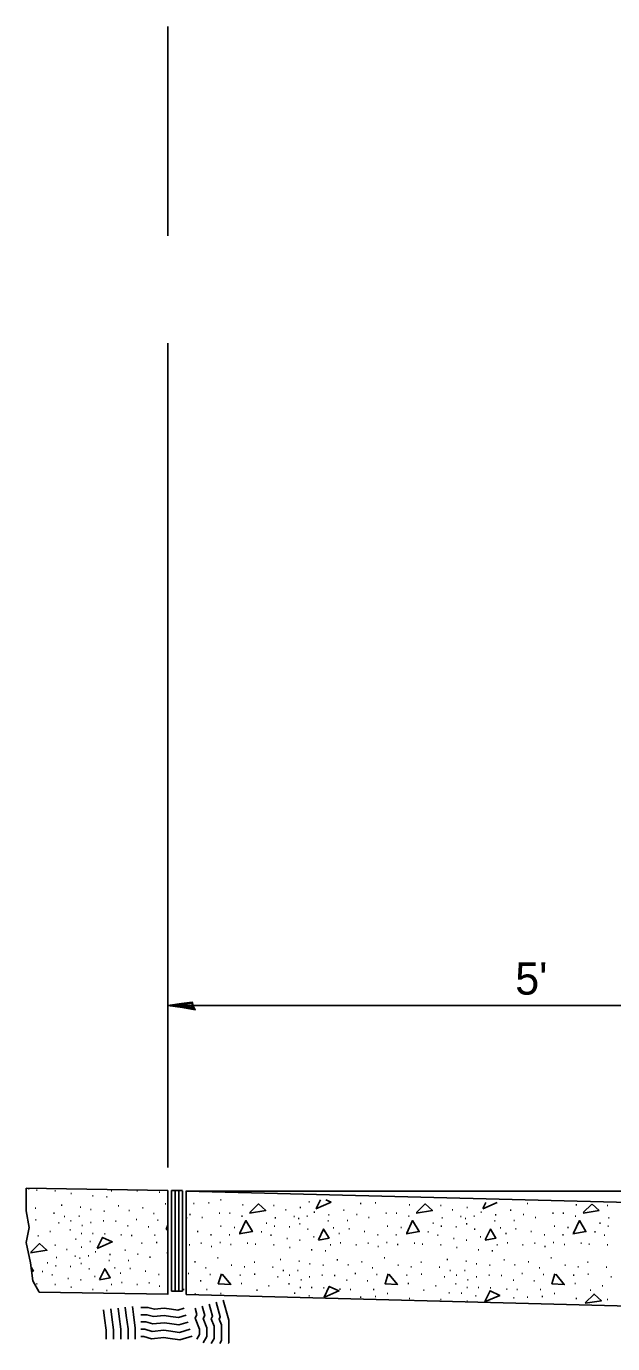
# Model space of a CAD drawing. Extents: x -0.01 to 2.83, y -0.11 to 1.83.
# Drawn here: x 0.5554 to 0.7679, y 0.4078 to 0.8847 of the extents above; entities that cross this region are included whole.
import ezdxf

# ---------------------------------------------------------------- set-up
doc = ezdxf.new("R2010")
doc.units = 0
doc.layers.add('RD_Pr_Roadway_Dimensions', color=7, linetype='Continuous')
doc.layers.add('SH_General_Details', color=7, linetype='Continuous')

msp = doc.modelspace()

# ---------------------------------------------------------------- linework, layer by layer
at = {"layer": 'RD_Pr_Roadway_Dimensions'}
msp.add_line((0.60663, 0.53028), (0.8633, 0.53028), dxfattribs=at)
msp.add_lwpolyline([(0.61581, 0.53014), (0.6155, 0.53151), (0.61162, 0.53092), (0.60663, 0.53028), (0.61196, 0.52954), (0.61663, 0.52872), (0.61581, 0.53014), (0.6154, 0.53105), (0.60998, 0.53027), (0.6159, 0.52923), (0.61503, 0.53039), (0.61254, 0.53024), (0.61493, 0.52987)], dxfattribs=at)
at = {"layer": 'SH_General_Details'}
for p, q in [((0.60663, 0.80889), (0.60663, 0.88469)), ((0.60663, 0.47158), (0.60663, 0.77002)), ((0.55542, 0.46409), (0.60665, 0.46325)), ((0.55618, 0.46388), (0.55644, 0.46388)), ((0.55907, 0.46343), (0.55933, 0.46343)), ((0.56571, 0.4632), (0.56597, 0.4632)), ((0.58618, 0.4632), (0.58644, 0.4632)), ((0.59548, 0.4632), (0.59575, 0.4632)), ((0.60349, 0.46263), (0.60375, 0.46263)), ((0.60665, 0.46325), (0.60665, 0.46325)), ((0.60665, 0.46325), (0.60665, 0.42569)), ((0.60798, 0.46325), (0.60798, 0.4268)), ((0.60798, 0.46325), (0.61197, 0.46325)), ((0.60931, 0.46325), (0.60931, 0.4268)), ((0.61064, 0.46308), (0.61064, 0.4268)), ((0.61197, 0.46314), (0.61197, 0.4268)), ((0.6133, 0.46308), (0.6133, 0.46314)), ((0.6133, 0.42569), (0.6133, 0.46314)), ((0.6133, 0.46308), (0.8633, 0.46308)), ((0.86064, 0.45676), (0.6133, 0.46308)), ((0.56809, 0.45798), (0.56836, 0.45798)), ((0.5715, 0.46223), (0.57176, 0.46223)), ((0.57937, 0.46138), (0.57963, 0.46138)), ((0.58442, 0.46104), (0.58468, 0.46104)), ((0.60576, 0.45849), (0.60602, 0.45849)), ((0.616, 0.45861), (0.61627, 0.45861)), ((0.62139, 0.45884), (0.62166, 0.45884)), ((0.62576, 0.45997), (0.62603, 0.45997)), ((0.63371, 0.45815), (0.63397, 0.45815)), ((0.645, 0.45781), (0.64527, 0.45781)), ((0.65775, 0.45917), (0.65802, 0.45917)), ((0.67642, 0.45861), (0.67669, 0.45861)), ((0.68182, 0.45884), (0.68208, 0.45884)), ((0.69413, 0.45815), (0.69439, 0.45815)), ((0.70543, 0.45781), (0.70569, 0.45781)), ((0.73685, 0.45861), (0.73711, 0.45861)), ((0.75455, 0.45815), (0.75482, 0.45815)), ((0.76585, 0.45781), (0.76611, 0.45781)), ((0.55862, 0.4569), (0.55888, 0.4569)), ((0.56531, 0.45514), (0.56558, 0.45514)), ((0.56911, 0.45389), (0.56938, 0.45389)), ((0.57439, 0.45401), (0.57466, 0.45401)), ((0.57488, 0.4573), (0.57515, 0.4573)), ((0.57869, 0.45639), (0.57895, 0.45639)), ((0.58351, 0.45582), (0.58377, 0.45582)), ((0.58867, 0.45775), (0.58894, 0.45775)), ((0.59259, 0.45605), (0.59285, 0.45605)), ((0.59753, 0.45707), (0.59779, 0.45707)), ((0.60144, 0.45491), (0.60171, 0.45491)), ((0.61342, 0.45339), (0.61368, 0.45339)), ((0.61458, 0.45464), (0.61485, 0.45464)), ((0.61895, 0.45356), (0.61922, 0.45356)), ((0.62525, 0.45509), (0.62552, 0.45509)), ((0.629, 0.45509), (0.62926, 0.45509)), ((0.63343, 0.45395), (0.63369, 0.45395)), ((0.64551, 0.45339), (0.64578, 0.45339)), ((0.64926, 0.45634), (0.64952, 0.45634)), ((0.65232, 0.45384), (0.65259, 0.45384)), ((0.65395, 0.45316), (0.65421, 0.45316)), ((0.65457, 0.45719), (0.65484, 0.45719)), ((0.65707, 0.45395), (0.65734, 0.45395)), ((0.65963, 0.45543), (0.65989, 0.45543)), ((0.6649, 0.45447), (0.66517, 0.45447)), ((0.67035, 0.45611), (0.67062, 0.45611)), ((0.67501, 0.45464), (0.67527, 0.45464)), ((0.67938, 0.45356), (0.67964, 0.45356)), ((0.68568, 0.45509), (0.68594, 0.45509)), ((0.68942, 0.45509), (0.68968, 0.45509)), ((0.69385, 0.45395), (0.69411, 0.45395)), ((0.70594, 0.45339), (0.7062, 0.45339)), ((0.70968, 0.45634), (0.70995, 0.45634)), ((0.71274, 0.45384), (0.71301, 0.45384)), ((0.71437, 0.45316), (0.71464, 0.45316)), ((0.715, 0.45719), (0.71526, 0.45719)), ((0.71749, 0.45395), (0.71776, 0.45395)), ((0.72005, 0.45543), (0.72031, 0.45543)), ((0.72532, 0.45447), (0.72559, 0.45447)), ((0.73077, 0.45611), (0.73104, 0.45611)), ((0.73543, 0.45464), (0.73569, 0.45464)), ((0.7398, 0.45356), (0.74006, 0.45356)), ((0.7461, 0.45509), (0.74636, 0.45509)), ((0.74984, 0.45509), (0.75011, 0.45509)), ((0.75427, 0.45395), (0.75453, 0.45395)), ((0.76636, 0.45339), (0.76662, 0.45339)), ((0.55873, 0.45264), (0.55899, 0.45264)), ((0.56389, 0.44844), (0.56416, 0.44844)), ((0.56707, 0.45162), (0.56734, 0.45162)), ((0.57116, 0.44907), (0.57142, 0.44907)), ((0.57138, 0.4523), (0.57165, 0.4523)), ((0.57557, 0.4506), (0.57583, 0.4506)), ((0.57863, 0.45168), (0.57889, 0.45168)), ((0.58323, 0.4523), (0.58349, 0.4523)), ((0.58771, 0.45219), (0.58797, 0.45219)), ((0.59208, 0.45049), (0.59234, 0.45049)), ((0.5952, 0.45281), (0.59546, 0.45281)), ((0.59957, 0.45015), (0.59983, 0.45015)), ((0.60298, 0.45253), (0.60324, 0.45253)), ((0.61737, 0.44847), (0.61763, 0.44847)), ((0.62576, 0.4504), (0.62603, 0.4504)), ((0.6307, 0.44994), (0.63096, 0.44994)), ((0.64046, 0.44836), (0.64072, 0.44836)), ((0.64228, 0.45148), (0.64254, 0.45148)), ((0.64523, 0.4504), (0.64549, 0.4504)), ((0.65062, 0.45011), (0.65088, 0.45011)), ((0.6544, 0.45125), (0.65467, 0.45125)), ((0.6573, 0.44926), (0.65756, 0.44926)), ((0.66462, 0.45227), (0.66488, 0.45227)), ((0.66661, 0.44972), (0.66687, 0.44972)), ((0.6716, 0.45237), (0.67186, 0.45237)), ((0.67222, 0.44943), (0.67249, 0.44943)), ((0.67779, 0.44847), (0.67805, 0.44847)), ((0.68619, 0.4504), (0.68645, 0.4504)), ((0.69112, 0.44994), (0.69139, 0.44994)), ((0.70088, 0.44836), (0.70115, 0.44836)), ((0.7027, 0.45148), (0.70296, 0.45148)), ((0.70565, 0.4504), (0.70591, 0.4504)), ((0.71104, 0.45011), (0.71131, 0.45011)), ((0.71482, 0.45125), (0.71509, 0.45125)), ((0.71772, 0.44926), (0.71799, 0.44926)), ((0.72504, 0.45227), (0.7253, 0.45227)), ((0.72703, 0.44972), (0.72729, 0.44972)), ((0.73202, 0.45237), (0.73229, 0.45237)), ((0.73264, 0.44943), (0.73291, 0.44943)), ((0.73821, 0.44847), (0.73847, 0.44847)), ((0.74661, 0.4504), (0.74687, 0.4504)), ((0.75154, 0.44994), (0.75181, 0.44994)), ((0.76131, 0.44836), (0.76157, 0.44836)), ((0.76312, 0.45148), (0.76339, 0.45148)), ((0.76607, 0.4504), (0.76634, 0.4504)), ((0.55958, 0.44685), (0.55984, 0.44685)), ((0.5732, 0.44572), (0.57347, 0.44572)), ((0.57528, 0.44776), (0.57555, 0.44776)), ((0.57846, 0.44481), (0.57872, 0.44481)), ((0.57937, 0.44776), (0.57963, 0.44776)), ((0.58374, 0.44765), (0.584, 0.44765)), ((0.58964, 0.44719), (0.5899, 0.44719)), ((0.59344, 0.44702), (0.59371, 0.44702)), ((0.59713, 0.44424), (0.5974, 0.44424)), ((0.60184, 0.44708), (0.6021, 0.44708)), ((0.60252, 0.44447), (0.60279, 0.44447)), ((0.61436, 0.44359), (0.61462, 0.44359)), ((0.61867, 0.44427), (0.61893, 0.44427)), ((0.62219, 0.44722), (0.62245, 0.44722)), ((0.62548, 0.4445), (0.62574, 0.4445)), ((0.62889, 0.44722), (0.62915, 0.44722)), ((0.6294, 0.44376), (0.62966, 0.44376)), ((0.63547, 0.44427), (0.63573, 0.44427)), ((0.63836, 0.44381), (0.63863, 0.44381)), ((0.64392, 0.44711), (0.64419, 0.44711)), ((0.645, 0.44359), (0.64527, 0.44359)), ((0.64977, 0.44586), (0.65003, 0.44586)), ((0.65435, 0.44535), (0.65461, 0.44535)), ((0.65946, 0.44648), (0.65972, 0.44648)), ((0.66547, 0.44359), (0.66573, 0.44359)), ((0.66865, 0.44768), (0.66891, 0.44768)), ((0.66916, 0.44438), (0.66942, 0.44438)), ((0.67478, 0.44359), (0.67504, 0.44359)), ((0.67909, 0.44427), (0.67936, 0.44427)), ((0.68261, 0.44722), (0.68287, 0.44722)), ((0.6859, 0.4445), (0.68617, 0.4445)), ((0.68931, 0.44722), (0.68957, 0.44722)), ((0.68982, 0.44376), (0.69008, 0.44376)), ((0.69589, 0.44427), (0.69615, 0.44427)), ((0.69878, 0.44381), (0.69905, 0.44381)), ((0.70435, 0.44711), (0.70461, 0.44711)), ((0.70542, 0.44359), (0.70569, 0.44359)), ((0.71019, 0.44586), (0.71045, 0.44586)), ((0.71477, 0.44535), (0.71503, 0.44535)), ((0.71988, 0.44648), (0.72014, 0.44648)), ((0.72589, 0.44359), (0.72616, 0.44359)), ((0.72907, 0.44768), (0.72934, 0.44768)), ((0.72958, 0.44438), (0.72985, 0.44438)), ((0.7352, 0.44359), (0.73546, 0.44359)), ((0.73951, 0.44427), (0.73978, 0.44427)), ((0.74303, 0.44722), (0.7433, 0.44722)), ((0.74632, 0.4445), (0.74659, 0.4445)), ((0.74973, 0.44722), (0.74999, 0.44722)), ((0.75024, 0.44376), (0.7505, 0.44376)), ((0.75631, 0.44427), (0.75658, 0.44427)), ((0.75921, 0.44381), (0.75947, 0.44381)), ((0.76477, 0.44711), (0.76503, 0.44711)), ((0.76584, 0.44359), (0.76611, 0.44359)), ((0.56571, 0.44345), (0.56597, 0.44345)), ((0.56622, 0.43902), (0.56648, 0.43902)), ((0.56996, 0.44197), (0.57023, 0.44197)), ((0.57303, 0.43948), (0.57329, 0.43948)), ((0.57466, 0.4388), (0.57492, 0.4388)), ((0.57528, 0.44282), (0.57555, 0.44282)), ((0.57778, 0.43959), (0.57804, 0.43959)), ((0.58033, 0.44107), (0.5806, 0.44107)), ((0.58561, 0.4401), (0.58588, 0.4401)), ((0.59106, 0.44175), (0.59132, 0.44175)), ((0.59571, 0.44027), (0.59598, 0.44027)), ((0.60008, 0.43919), (0.60035, 0.43919)), ((0.60638, 0.44073), (0.60664, 0.44073)), ((0.62236, 0.44302), (0.62262, 0.44302)), ((0.62463, 0.43888), (0.62489, 0.43888)), ((0.65079, 0.44262), (0.65105, 0.44262)), ((0.65866, 0.44177), (0.65892, 0.44177)), ((0.66371, 0.44143), (0.66398, 0.44143)), ((0.68278, 0.44302), (0.68304, 0.44302)), ((0.68505, 0.43888), (0.68532, 0.43888)), ((0.71121, 0.44262), (0.71148, 0.44262)), ((0.71908, 0.44177), (0.71935, 0.44177)), ((0.72413, 0.44143), (0.7244, 0.44143)), ((0.7432, 0.44302), (0.74347, 0.44302)), ((0.74547, 0.43888), (0.74574, 0.43888)), ((0.56117, 0.43399), (0.56143, 0.43399)), ((0.56299, 0.43711), (0.56325, 0.43711)), ((0.56594, 0.43603), (0.5662, 0.43603)), ((0.57133, 0.43575), (0.57159, 0.43575)), ((0.57511, 0.43688), (0.57537, 0.43688)), ((0.57801, 0.4349), (0.57827, 0.4349)), ((0.58533, 0.43791), (0.58559, 0.43791)), ((0.58731, 0.43535), (0.58758, 0.43535)), ((0.59231, 0.438), (0.59257, 0.438)), ((0.59293, 0.43507), (0.59319, 0.43507)), ((0.59849, 0.43411), (0.59876, 0.43411)), ((0.6164, 0.43746), (0.61666, 0.43746)), ((0.62031, 0.4353), (0.62058, 0.4353)), ((0.62962, 0.43621), (0.62989, 0.43621)), ((0.63433, 0.43564), (0.6346, 0.43564)), ((0.63791, 0.43729), (0.63817, 0.43729)), ((0.64461, 0.43553), (0.64487, 0.43553)), ((0.64738, 0.43837), (0.64765, 0.43837)), ((0.64841, 0.43428), (0.64867, 0.43428)), ((0.65369, 0.43439), (0.65395, 0.43439)), ((0.65418, 0.43769), (0.65444, 0.43769)), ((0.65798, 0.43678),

• EXERCISE GOAL
Each line from the top of the records through the one containing "(0.8633, 0.53028), dxfattribs=at)" needs to be transcribed exactly, without pictures.

• ANSWER FOR THE TASK
# Model space of a CAD drawing. Extents: x -0.01 to 2.83, y -0.11 to 1.83.
# Drawn here: x 0.5554 to 0.7679, y 0.4078 to 0.8847 of the extents above; entities that cross this region are included whole.
import ezdxf

# ---------------------------------------------------------------- set-up
doc = ezdxf.new("R2010")
doc.units = 0
doc.layers.add('RD_Pr_Roadway_Dimensions', color=7, linetype='Continuous')
doc.layers.add('SH_General_Details', color=7, linetype='Continuous')

msp = doc.modelspace()

# ---------------------------------------------------------------- linework, layer by layer
at = {"layer": 'RD_Pr_Roadway_Dimensions'}
msp.add_line((0.60663, 0.53028), (0.8633, 0.53028), dxfattribs=at)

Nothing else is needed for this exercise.